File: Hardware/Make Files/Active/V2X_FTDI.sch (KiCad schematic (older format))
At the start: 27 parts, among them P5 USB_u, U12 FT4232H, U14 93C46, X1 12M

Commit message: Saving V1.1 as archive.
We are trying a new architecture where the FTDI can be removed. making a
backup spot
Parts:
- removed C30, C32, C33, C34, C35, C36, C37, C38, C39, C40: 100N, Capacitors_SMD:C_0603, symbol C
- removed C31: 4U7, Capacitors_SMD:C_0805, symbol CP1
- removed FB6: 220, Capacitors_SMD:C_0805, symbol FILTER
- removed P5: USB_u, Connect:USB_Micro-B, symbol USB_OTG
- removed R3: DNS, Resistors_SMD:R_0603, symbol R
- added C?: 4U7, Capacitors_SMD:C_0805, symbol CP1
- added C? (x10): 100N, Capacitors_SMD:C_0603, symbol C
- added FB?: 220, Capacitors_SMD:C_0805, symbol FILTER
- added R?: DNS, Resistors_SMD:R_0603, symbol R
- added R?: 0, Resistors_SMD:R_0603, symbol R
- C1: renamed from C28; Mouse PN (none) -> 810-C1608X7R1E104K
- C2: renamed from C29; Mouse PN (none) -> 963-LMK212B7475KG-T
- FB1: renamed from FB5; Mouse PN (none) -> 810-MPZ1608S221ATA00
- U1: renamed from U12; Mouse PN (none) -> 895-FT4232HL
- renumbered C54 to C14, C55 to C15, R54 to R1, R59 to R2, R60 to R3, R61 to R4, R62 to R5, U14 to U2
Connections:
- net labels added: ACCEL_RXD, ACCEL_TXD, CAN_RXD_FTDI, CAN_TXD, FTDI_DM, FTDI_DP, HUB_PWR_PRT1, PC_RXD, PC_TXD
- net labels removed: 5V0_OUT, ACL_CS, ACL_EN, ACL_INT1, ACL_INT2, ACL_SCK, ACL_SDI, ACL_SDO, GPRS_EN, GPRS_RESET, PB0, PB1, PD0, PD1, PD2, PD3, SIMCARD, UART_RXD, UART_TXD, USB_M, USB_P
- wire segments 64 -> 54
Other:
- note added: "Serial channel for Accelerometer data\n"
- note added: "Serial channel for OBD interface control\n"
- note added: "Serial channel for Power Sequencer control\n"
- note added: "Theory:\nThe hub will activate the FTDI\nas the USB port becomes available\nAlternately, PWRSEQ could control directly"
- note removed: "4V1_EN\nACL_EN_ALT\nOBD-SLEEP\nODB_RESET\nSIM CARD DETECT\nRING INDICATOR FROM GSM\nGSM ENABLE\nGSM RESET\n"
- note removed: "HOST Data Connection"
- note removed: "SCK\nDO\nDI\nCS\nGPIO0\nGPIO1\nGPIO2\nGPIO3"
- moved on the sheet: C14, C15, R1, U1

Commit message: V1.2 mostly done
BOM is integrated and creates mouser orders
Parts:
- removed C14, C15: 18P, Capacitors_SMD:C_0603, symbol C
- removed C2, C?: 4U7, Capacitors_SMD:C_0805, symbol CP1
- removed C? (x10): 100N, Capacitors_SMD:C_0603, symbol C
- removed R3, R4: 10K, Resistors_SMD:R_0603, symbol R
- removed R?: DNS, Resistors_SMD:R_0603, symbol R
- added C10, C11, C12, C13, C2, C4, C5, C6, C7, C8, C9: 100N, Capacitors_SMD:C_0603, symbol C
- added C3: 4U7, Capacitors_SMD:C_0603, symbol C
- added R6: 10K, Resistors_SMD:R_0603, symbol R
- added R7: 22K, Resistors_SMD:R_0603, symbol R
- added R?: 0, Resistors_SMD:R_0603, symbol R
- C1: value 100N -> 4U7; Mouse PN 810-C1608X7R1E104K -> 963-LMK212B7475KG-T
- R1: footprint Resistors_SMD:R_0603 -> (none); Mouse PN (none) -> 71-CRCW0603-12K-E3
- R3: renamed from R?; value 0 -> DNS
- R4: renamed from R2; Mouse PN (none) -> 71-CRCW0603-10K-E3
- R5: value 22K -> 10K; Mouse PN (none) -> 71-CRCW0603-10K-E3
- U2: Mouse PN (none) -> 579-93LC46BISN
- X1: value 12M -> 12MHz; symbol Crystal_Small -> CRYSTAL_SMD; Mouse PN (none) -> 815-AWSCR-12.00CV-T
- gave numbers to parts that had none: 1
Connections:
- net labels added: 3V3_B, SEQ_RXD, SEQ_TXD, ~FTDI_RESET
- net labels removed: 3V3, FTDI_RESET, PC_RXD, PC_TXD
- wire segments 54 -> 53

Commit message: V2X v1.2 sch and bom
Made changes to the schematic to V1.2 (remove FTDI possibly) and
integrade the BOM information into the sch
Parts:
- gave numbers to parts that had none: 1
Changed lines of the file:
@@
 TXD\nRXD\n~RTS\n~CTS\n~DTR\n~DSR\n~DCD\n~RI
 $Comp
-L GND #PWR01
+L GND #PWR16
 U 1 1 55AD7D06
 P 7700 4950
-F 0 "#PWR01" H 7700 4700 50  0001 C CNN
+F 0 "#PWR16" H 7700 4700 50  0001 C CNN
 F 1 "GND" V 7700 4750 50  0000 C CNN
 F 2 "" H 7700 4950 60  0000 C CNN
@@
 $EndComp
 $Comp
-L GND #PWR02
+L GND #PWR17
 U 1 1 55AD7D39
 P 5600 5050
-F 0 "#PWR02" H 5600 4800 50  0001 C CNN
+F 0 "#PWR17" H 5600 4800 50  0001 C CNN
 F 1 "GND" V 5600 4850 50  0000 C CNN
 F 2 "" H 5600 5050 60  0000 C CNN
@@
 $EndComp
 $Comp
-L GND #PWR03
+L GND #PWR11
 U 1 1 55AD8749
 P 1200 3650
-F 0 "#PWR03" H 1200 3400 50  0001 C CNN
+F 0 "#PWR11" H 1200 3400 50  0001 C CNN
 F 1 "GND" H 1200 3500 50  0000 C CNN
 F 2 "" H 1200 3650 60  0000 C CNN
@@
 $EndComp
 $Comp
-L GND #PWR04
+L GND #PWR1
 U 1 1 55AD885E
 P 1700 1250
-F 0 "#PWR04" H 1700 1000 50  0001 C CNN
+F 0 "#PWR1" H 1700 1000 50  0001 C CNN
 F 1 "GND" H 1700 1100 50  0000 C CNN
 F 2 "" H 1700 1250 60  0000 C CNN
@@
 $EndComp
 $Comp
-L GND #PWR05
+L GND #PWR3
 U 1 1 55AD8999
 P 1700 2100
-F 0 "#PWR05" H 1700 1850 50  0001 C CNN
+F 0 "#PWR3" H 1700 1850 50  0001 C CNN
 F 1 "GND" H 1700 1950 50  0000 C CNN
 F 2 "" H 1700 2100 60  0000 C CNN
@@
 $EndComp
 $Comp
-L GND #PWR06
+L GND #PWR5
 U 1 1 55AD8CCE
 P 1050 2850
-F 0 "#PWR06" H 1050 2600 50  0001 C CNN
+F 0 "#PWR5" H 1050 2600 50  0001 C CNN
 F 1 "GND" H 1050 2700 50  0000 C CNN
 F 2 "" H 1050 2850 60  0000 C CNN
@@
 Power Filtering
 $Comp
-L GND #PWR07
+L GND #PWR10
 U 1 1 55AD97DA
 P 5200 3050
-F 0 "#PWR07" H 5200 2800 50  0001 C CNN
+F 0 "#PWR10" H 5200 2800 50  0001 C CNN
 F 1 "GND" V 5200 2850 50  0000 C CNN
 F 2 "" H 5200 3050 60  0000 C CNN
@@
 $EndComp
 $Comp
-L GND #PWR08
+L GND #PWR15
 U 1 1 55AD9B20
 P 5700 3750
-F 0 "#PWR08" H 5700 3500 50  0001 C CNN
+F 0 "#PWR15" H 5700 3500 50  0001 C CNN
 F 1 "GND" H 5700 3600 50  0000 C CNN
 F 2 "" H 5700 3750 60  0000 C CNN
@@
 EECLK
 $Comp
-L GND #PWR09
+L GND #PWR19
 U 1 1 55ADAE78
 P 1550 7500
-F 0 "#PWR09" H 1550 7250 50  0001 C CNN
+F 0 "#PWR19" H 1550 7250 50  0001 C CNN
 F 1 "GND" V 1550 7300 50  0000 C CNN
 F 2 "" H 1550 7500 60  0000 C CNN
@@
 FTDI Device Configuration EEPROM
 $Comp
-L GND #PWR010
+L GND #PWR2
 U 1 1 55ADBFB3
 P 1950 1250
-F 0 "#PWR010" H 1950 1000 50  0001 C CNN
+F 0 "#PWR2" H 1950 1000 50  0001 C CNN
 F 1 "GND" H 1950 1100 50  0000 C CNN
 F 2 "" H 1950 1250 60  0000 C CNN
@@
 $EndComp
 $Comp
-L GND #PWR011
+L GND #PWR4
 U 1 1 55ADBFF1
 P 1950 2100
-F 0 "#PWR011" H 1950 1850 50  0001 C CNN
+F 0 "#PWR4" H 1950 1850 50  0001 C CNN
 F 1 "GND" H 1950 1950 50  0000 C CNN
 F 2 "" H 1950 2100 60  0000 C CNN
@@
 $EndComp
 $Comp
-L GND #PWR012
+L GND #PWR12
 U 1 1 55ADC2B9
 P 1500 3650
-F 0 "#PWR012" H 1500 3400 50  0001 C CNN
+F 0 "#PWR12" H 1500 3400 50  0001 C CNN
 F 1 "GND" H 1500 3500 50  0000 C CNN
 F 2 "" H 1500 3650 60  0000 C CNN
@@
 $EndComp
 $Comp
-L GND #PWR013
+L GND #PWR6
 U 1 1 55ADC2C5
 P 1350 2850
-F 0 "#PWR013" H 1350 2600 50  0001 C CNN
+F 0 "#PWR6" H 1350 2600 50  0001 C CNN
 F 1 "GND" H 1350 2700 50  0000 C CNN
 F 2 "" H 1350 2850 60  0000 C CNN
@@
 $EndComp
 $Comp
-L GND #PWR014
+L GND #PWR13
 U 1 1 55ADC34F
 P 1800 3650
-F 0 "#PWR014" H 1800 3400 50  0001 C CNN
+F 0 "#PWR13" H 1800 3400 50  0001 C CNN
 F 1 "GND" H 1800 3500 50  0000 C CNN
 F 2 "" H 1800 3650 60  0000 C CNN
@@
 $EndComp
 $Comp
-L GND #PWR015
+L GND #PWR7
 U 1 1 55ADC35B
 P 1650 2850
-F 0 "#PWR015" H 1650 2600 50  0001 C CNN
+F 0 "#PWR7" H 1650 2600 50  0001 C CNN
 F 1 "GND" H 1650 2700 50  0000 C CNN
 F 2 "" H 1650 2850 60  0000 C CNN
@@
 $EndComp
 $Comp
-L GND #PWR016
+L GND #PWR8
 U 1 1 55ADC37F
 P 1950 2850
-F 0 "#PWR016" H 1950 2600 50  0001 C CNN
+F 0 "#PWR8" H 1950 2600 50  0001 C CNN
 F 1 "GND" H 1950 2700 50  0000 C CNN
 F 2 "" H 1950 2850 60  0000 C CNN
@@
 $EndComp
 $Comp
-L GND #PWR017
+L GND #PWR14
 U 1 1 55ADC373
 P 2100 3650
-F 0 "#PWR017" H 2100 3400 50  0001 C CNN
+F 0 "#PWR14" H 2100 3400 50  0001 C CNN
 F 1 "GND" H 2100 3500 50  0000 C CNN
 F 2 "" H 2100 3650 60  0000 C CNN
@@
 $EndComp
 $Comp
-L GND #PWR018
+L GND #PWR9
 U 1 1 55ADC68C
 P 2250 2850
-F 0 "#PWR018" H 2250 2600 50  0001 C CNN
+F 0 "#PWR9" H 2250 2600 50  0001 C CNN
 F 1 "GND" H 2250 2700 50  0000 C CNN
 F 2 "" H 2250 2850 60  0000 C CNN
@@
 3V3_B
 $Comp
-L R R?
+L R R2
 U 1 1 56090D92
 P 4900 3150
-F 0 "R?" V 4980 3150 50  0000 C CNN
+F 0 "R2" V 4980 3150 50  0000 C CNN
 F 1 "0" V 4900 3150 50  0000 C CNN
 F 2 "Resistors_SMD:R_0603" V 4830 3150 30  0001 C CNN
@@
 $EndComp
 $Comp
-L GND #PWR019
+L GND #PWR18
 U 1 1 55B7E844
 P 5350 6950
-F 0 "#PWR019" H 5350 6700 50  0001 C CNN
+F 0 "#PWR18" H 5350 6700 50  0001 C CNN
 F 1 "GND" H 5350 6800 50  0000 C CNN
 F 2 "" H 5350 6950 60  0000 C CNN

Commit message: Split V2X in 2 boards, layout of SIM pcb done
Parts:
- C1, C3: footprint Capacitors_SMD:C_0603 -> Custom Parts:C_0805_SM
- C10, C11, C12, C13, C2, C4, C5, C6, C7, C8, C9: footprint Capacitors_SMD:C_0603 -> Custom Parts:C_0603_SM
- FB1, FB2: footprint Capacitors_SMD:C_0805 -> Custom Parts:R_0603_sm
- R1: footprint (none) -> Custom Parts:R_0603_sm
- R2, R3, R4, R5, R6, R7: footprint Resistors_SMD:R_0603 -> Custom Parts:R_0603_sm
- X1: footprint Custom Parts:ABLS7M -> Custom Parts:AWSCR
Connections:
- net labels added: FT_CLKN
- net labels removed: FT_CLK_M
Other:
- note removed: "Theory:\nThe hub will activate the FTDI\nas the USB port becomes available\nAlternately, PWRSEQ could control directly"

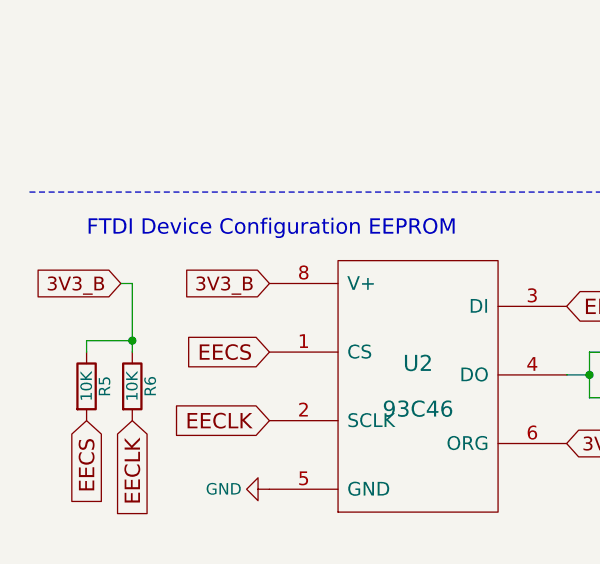
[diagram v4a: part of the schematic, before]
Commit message: Build pass of main V2X board
ready to verify
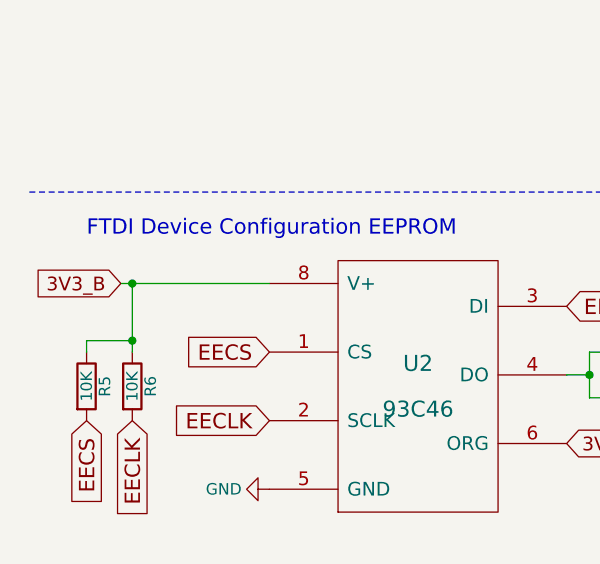
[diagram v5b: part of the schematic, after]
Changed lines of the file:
@@
 	1    0    0    -1
 $EndComp
-Text GLabel 1550 6900 0    67   Input ~ 0
-EECS
 Text GLabel 3300 7100 2    67   Input ~ 0
 EEDATA
@@
 	2650 4000 2650 500
 Wire Wire Line
-	900  6600 950  6600
+	900  6600 1550 6600
 Wire Notes Line
 	500  4000 2650 4000
@@
 Text GLabel 900  6600 0    60   Input ~ 0
 3V3_B
-Text GLabel 1550 6600 0    60   Input ~ 0
-3V3_B
 Text GLabel 2850 7300 2    60   Input ~ 0
 3V3_B
@@
 	-1   0    0    -1
 $EndComp
+Text GLabel 1550 6900 0    67   Input ~ 0
+EECS
+Connection ~ 950  6600
 $EndSCHEMATC

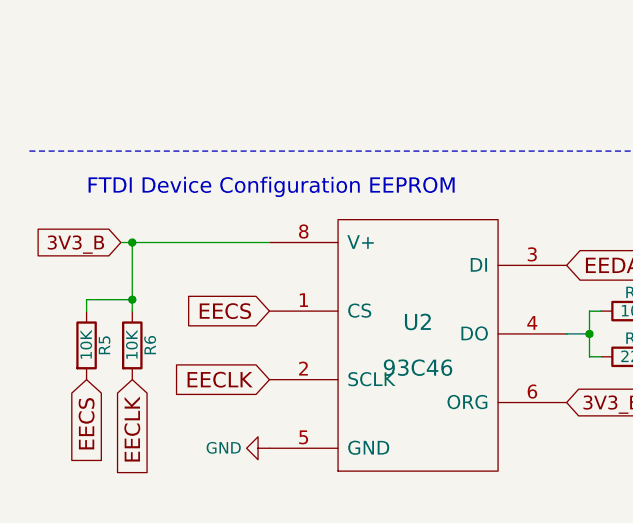
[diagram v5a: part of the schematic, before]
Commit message: Project rework
Split the Main and GSM boards into separate projects, redesigned Main
board after flaws were found.
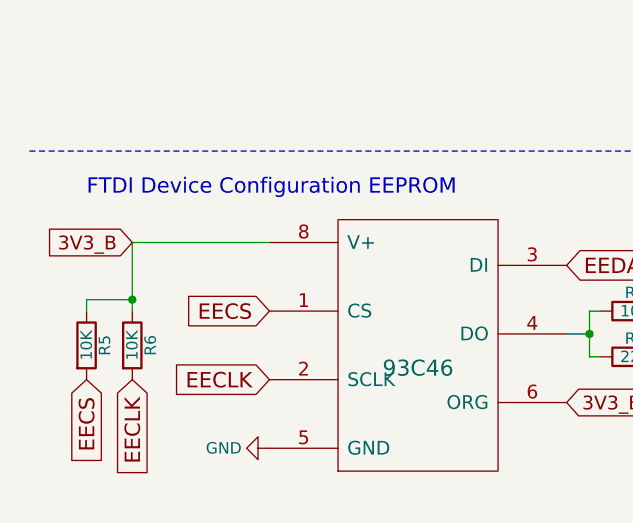
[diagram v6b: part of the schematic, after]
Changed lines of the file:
@@
 $Descr A4 11693 8268
 encoding utf-8
-Sheet 2 8
+Sheet 2 7
 Title "V2X - Open source RVI over SMS daughter card"
 Date "2015-07-17"
@@
 U 1 1 55ADA8E8
 P 2200 7050
-F 0 "U2" H 2200 7150 70  0000 C CNN
+F 0 "U2" H 2200 7150 70  0001 C CNN
 F 1 "93C46" H 2200 6950 70  0000 C CNN
 F 2 "Housings_SOIC:SOIC-8_3.9x4.9mm_Pitch1.27mm" H 2200 7050 60  0001 C CNN
@@
 Wire Notes Line
 	2650 4000 2650 500
-Wire Wire Line
-	900  6600 1550 6600
 Wire Notes Line
 	500  4000 2650 4000
@@
 	0    -1   -1   0
 $EndComp
-Text GLabel 900  6600 0    60   Input ~ 0
+Text GLabel 950  6600 0    60   Input ~ 0
 3V3_B
 Text GLabel 2850 7300 2    60   Input ~ 0
@@
 Text GLabel 1550 6900 0    67   Input ~ 0
 EECS
-Connection ~ 950  6600
+Wire Wire Line
+	1550 6600 950  6600
 $EndSCHEMATC

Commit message: No Rpi Backpower fix
added a USB-A to the board to power the HOST. fixed LED labeling.
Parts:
- U2: symbol 9346 -> 9346_noVcc
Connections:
- wire segments 53 -> 56
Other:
- moved on the sheet: R1, R2, R3, U1

* _Task objective_
Copy out precisely the lines from the line with "-L GND #PWR010" to the line with "P 5350 6950" in the material above, including those two lines and omitting all the rest.

* _Result for this exercise_
-L GND #PWR010
+L GND #PWR2
 U 1 1 55ADBFB3
 P 1950 1250
-F 0 "#PWR010" H 1950 1000 50  0001 C CNN
+F 0 "#PWR2" H 1950 1000 50  0001 C CNN
 F 1 "GND" H 1950 1100 50  0000 C CNN
 F 2 "" H 1950 1250 60  0000 C CNN
@@
 $EndComp
 $Comp
-L GND #PWR011
+L GND #PWR4
 U 1 1 55ADBFF1
 P 1950 2100
-F 0 "#PWR011" H 1950 1850 50  0001 C CNN
+F 0 "#PWR4" H 1950 1850 50  0001 C CNN
 F 1 "GND" H 1950 1950 50  0000 C CNN
 F 2 "" H 1950 2100 60  0000 C CNN
@@
 $EndComp
 $Comp
-L GND #PWR012
+L GND #PWR12
 U 1 1 55ADC2B9
 P 1500 3650
-F 0 "#PWR012" H 1500 3400 50  0001 C CNN
+F 0 "#PWR12" H 1500 3400 50  0001 C CNN
 F 1 "GND" H 1500 3500 50  0000 C CNN
 F 2 "" H 1500 3650 60  0000 C CNN
@@
 $EndComp
 $Comp
-L GND #PWR013
+L GND #PWR6
 U 1 1 55ADC2C5
 P 1350 2850
-F 0 "#PWR013" H 1350 2600 50  0001 C CNN
+F 0 "#PWR6" H 1350 2600 50  0001 C CNN
 F 1 "GND" H 1350 2700 50  0000 C CNN
 F 2 "" H 1350 2850 60  0000 C CNN
@@
 $EndComp
 $Comp
-L GND #PWR014
+L GND #PWR13
 U 1 1 55ADC34F
 P 1800 3650
-F 0 "#PWR014" H 1800 3400 50  0001 C CNN
+F 0 "#PWR13" H 1800 3400 50  0001 C CNN
 F 1 "GND" H 1800 3500 50  0000 C CNN
 F 2 "" H 1800 3650 60  0000 C CNN
@@
 $EndComp
 $Comp
-L GND #PWR015
+L GND #PWR7
 U 1 1 55ADC35B
 P 1650 2850
-F 0 "#PWR015" H 1650 2600 50  0001 C CNN
+F 0 "#PWR7" H 1650 2600 50  0001 C CNN
 F 1 "GND" H 1650 2700 50  0000 C CNN
 F 2 "" H 1650 2850 60  0000 C CNN
@@
 $EndComp
 $Comp
-L GND #PWR016
+L GND #PWR8
 U 1 1 55ADC37F
 P 1950 2850
-F 0 "#PWR016" H 1950 2600 50  0001 C CNN
+F 0 "#PWR8" H 1950 2600 50  0001 C CNN
 F 1 "GND" H 1950 2700 50  0000 C CNN
 F 2 "" H 1950 2850 60  0000 C CNN
@@
 $EndComp
 $Comp
-L GND #PWR017
+L GND #PWR14
 U 1 1 55ADC373
 P 2100 3650
-F 0 "#PWR017" H 2100 3400 50  0001 C CNN
+F 0 "#PWR14" H 2100 3400 50  0001 C CNN
 F 1 "GND" H 2100 3500 50  0000 C CNN
 F 2 "" H 2100 3650 60  0000 C CNN
@@
 $EndComp
 $Comp
-L GND #PWR018
+L GND #PWR9
 U 1 1 55ADC68C
 P 2250 2850
-F 0 "#PWR018" H 2250 2600 50  0001 C CNN
+F 0 "#PWR9" H 2250 2600 50  0001 C CNN
 F 1 "GND" H 2250 2700 50  0000 C CNN
 F 2 "" H 2250 2850 60  0000 C CNN
@@
 3V3_B
 $Comp
-L R R?
+L R R2
 U 1 1 56090D92
 P 4900 3150
-F 0 "R?" V 4980 3150 50  0000 C CNN
+F 0 "R2" V 4980 3150 50  0000 C CNN
 F 1 "0" V 4900 3150 50  0000 C CNN
 F 2 "Resistors_SMD:R_0603" V 4830 3150 30  0001 C CNN
@@
 $EndComp
 $Comp
-L GND #PWR019
+L GND #PWR18
 U 1 1 55B7E844
 P 5350 6950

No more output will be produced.